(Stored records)
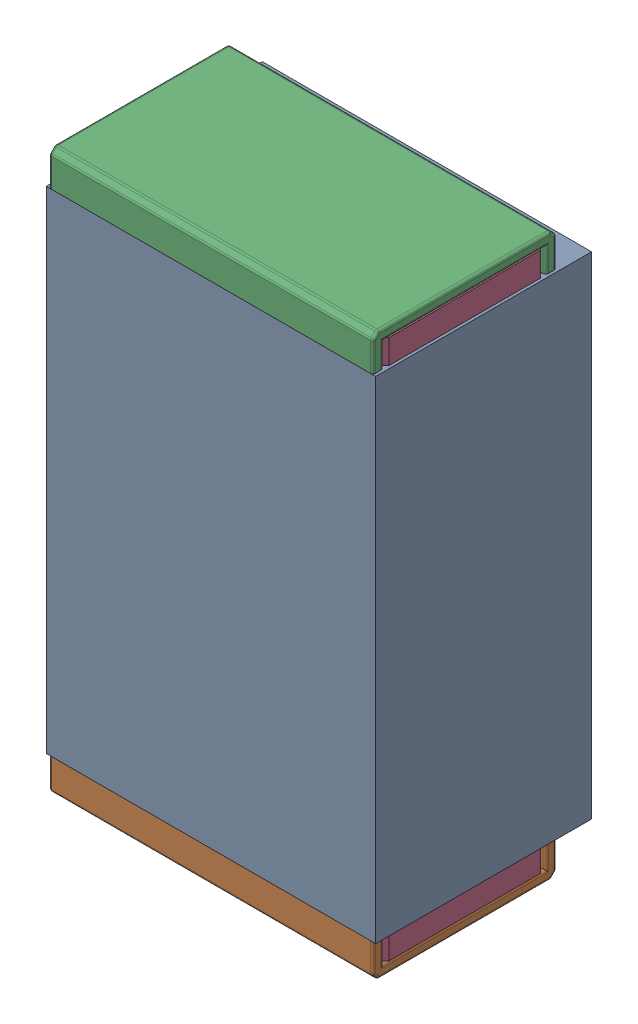
SolidWorks assembly R24, configuration Default. Lengths in mm.
Overall size (0.61 1.04 0.4).
3 component instances, 2 part files, 0 mates.
Components (placement in the parent):
- 1088881848-1: 1088881848 [Default] at (2.475 2.8 -2.044) size (0.61 0.91 0.4)
  - Extruded-1-1: Extruded-1 [Default] at origin size (0.61 0.91 0.4)
- R0402-1: R0402 [Default] at (2.475 2.8 -1.644) x (0 -1 0) z (1 0 0) size (1.04 0.34 0.6)

#### About this task:
Write out every line of the data that holds the word "Default".

#### Your solution:
SolidWorks assembly R24, configuration Default. Lengths in mm.
- 1088881848-1: 1088881848 [Default] at (2.475 2.8 -2.044) size (0.61 0.91 0.4)
  - Extruded-1-1: Extruded-1 [Default] at origin size (0.61 0.91 0.4)
- R0402-1: R0402 [Default] at (2.475 2.8 -1.644) x (0 -1 0) z (1 0 0) size (1.04 0.34 0.6)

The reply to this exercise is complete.